General Conference delegates today chose not to require United Methodist Church boards and agencies to divest of holdings in three companies said to profit from the Israeli occupation of Palestinian territories.
Supporters of divestment sought to get General Conference to consider legislation, in the form of a committee’s minority report, that targeted Caterpillar, Motorola Solutions and Hewlett-Packard.
Delegates voted 614 to 307 to stick with considering a majority committee report that calls on the General Board of Pension and Health Benefits to “explore serious peacemaking strategies in Israel and Palestine including positive economic and financial investment in Palestine.”
Later, delegates adopted that majority report, with 685 voting in favor and 246 against.
There was considerable impassioned discussion before the votes.
“If we’re trying to show that this is the conference of change, it is time to put our money where our mouth is,” said Robert Lee, a lay delegate from Western North Carolina. “It’s time to say that we stand up against the oppressor and join hands with the oppressed.”
Lonnie Chafin, a lay delegate from the Northern Illinois Conference, noted that Palestinian Christians, through the Kairos document, had asked for help through divestment.
“We must support them,” Mr.
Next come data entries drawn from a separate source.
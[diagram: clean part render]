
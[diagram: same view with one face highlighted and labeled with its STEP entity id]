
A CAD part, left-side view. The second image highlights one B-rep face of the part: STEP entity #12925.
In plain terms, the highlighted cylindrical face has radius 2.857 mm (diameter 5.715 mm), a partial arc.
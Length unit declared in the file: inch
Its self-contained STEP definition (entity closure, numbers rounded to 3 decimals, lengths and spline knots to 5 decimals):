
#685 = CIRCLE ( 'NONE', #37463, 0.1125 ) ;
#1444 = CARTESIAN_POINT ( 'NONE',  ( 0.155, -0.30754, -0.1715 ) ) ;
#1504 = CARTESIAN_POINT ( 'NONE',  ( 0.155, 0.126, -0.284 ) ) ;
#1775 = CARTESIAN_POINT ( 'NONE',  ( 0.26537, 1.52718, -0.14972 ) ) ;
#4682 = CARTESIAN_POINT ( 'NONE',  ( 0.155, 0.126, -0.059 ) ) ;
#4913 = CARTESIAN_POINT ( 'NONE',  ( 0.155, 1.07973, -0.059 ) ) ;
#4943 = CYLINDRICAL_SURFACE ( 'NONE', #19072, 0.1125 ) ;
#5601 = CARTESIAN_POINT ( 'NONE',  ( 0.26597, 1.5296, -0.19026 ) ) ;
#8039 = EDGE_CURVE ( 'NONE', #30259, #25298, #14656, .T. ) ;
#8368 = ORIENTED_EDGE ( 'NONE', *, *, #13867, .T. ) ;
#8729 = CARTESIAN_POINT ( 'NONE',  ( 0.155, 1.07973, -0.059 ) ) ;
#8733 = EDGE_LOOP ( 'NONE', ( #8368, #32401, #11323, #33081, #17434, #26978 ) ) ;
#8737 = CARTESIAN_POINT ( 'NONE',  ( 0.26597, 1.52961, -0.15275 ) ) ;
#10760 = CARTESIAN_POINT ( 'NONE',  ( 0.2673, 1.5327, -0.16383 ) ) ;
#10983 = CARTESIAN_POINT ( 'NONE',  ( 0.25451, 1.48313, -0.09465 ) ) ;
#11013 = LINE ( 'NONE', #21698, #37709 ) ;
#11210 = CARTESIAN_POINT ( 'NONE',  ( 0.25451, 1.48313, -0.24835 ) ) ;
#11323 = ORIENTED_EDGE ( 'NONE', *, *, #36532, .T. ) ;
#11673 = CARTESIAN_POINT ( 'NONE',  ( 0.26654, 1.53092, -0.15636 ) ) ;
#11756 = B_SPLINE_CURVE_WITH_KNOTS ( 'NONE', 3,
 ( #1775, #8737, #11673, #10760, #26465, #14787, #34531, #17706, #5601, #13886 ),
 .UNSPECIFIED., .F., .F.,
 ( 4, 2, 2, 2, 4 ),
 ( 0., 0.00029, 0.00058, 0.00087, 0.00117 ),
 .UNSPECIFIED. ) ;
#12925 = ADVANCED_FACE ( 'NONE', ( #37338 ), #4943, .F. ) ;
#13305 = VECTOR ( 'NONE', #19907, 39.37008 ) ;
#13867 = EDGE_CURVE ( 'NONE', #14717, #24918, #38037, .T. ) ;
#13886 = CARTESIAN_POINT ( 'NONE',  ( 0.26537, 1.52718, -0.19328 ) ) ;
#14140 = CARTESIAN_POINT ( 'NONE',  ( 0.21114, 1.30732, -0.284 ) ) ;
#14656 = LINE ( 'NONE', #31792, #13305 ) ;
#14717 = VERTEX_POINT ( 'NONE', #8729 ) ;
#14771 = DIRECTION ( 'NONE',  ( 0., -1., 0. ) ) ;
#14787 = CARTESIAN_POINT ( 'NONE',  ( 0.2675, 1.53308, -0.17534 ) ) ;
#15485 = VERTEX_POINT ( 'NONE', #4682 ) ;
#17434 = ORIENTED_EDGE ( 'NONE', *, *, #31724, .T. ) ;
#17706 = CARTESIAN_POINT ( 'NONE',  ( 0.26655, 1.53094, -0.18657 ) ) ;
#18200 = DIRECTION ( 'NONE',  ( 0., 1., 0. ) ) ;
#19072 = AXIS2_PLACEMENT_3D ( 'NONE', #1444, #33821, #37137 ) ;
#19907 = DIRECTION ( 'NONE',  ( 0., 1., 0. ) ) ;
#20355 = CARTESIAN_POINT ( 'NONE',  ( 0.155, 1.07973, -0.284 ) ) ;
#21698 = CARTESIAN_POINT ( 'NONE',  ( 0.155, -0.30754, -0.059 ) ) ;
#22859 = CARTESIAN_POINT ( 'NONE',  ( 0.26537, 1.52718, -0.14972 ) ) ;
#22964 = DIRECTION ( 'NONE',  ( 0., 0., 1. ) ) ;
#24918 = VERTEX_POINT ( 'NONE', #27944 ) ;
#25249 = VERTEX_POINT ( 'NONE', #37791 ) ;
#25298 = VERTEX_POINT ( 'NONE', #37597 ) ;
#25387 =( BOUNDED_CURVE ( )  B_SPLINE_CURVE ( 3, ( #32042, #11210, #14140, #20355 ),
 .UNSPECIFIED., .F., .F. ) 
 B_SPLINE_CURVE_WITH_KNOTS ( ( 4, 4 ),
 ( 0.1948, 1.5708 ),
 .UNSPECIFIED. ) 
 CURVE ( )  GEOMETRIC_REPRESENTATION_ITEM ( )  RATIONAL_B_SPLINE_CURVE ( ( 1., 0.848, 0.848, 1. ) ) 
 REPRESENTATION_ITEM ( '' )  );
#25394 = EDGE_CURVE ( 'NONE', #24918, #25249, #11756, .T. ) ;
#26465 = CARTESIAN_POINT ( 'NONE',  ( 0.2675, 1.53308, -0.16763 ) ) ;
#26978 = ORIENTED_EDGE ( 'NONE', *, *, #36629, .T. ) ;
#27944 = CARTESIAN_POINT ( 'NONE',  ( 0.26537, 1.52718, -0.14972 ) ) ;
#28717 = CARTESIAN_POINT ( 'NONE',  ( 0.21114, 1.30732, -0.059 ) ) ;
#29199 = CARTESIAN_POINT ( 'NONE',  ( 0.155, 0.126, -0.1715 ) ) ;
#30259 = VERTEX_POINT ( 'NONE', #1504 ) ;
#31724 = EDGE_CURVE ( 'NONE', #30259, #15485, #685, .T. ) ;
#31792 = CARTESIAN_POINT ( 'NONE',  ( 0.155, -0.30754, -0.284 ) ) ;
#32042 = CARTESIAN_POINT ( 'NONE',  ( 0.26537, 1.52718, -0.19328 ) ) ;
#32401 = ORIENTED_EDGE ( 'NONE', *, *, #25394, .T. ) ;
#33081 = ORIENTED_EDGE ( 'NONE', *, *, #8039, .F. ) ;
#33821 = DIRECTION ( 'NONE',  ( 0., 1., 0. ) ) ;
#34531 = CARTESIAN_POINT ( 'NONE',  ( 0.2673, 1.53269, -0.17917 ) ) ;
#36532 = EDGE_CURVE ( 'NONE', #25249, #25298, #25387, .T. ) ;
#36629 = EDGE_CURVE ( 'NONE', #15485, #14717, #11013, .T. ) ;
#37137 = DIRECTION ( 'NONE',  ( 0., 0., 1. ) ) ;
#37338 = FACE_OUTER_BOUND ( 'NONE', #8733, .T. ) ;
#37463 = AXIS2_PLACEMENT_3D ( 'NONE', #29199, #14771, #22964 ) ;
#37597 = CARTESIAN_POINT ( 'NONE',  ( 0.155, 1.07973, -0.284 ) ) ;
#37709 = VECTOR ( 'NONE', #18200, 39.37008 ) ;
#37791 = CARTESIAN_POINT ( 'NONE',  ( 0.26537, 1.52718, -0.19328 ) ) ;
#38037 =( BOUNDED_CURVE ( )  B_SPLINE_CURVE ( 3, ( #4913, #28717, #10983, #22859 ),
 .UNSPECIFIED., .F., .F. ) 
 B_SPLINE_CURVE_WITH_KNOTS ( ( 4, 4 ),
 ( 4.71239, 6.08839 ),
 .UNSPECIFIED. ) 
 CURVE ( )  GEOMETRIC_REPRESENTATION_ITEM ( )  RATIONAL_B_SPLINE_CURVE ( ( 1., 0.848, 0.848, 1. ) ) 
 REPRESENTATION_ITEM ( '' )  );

Chafin said.
He also argued that General Conference should not leave this particular moral decision about investments to the pension board.
Others urged trusting the pension board and questioned the effectiveness of divestment.
“We’re going after the products rather than the users of the products,” said Don House, a lay delegate from the Texas Conference.
He added that General Conference had never singled out companies in such legislation, and warned of a possible lawsuit from investors in such companies.
The Rev. Bob Long, of the Oklahoma Conference, said, “As Methodists we need to do positive things to work for peace in the Holy Land and understand that this is a complicated political issue.”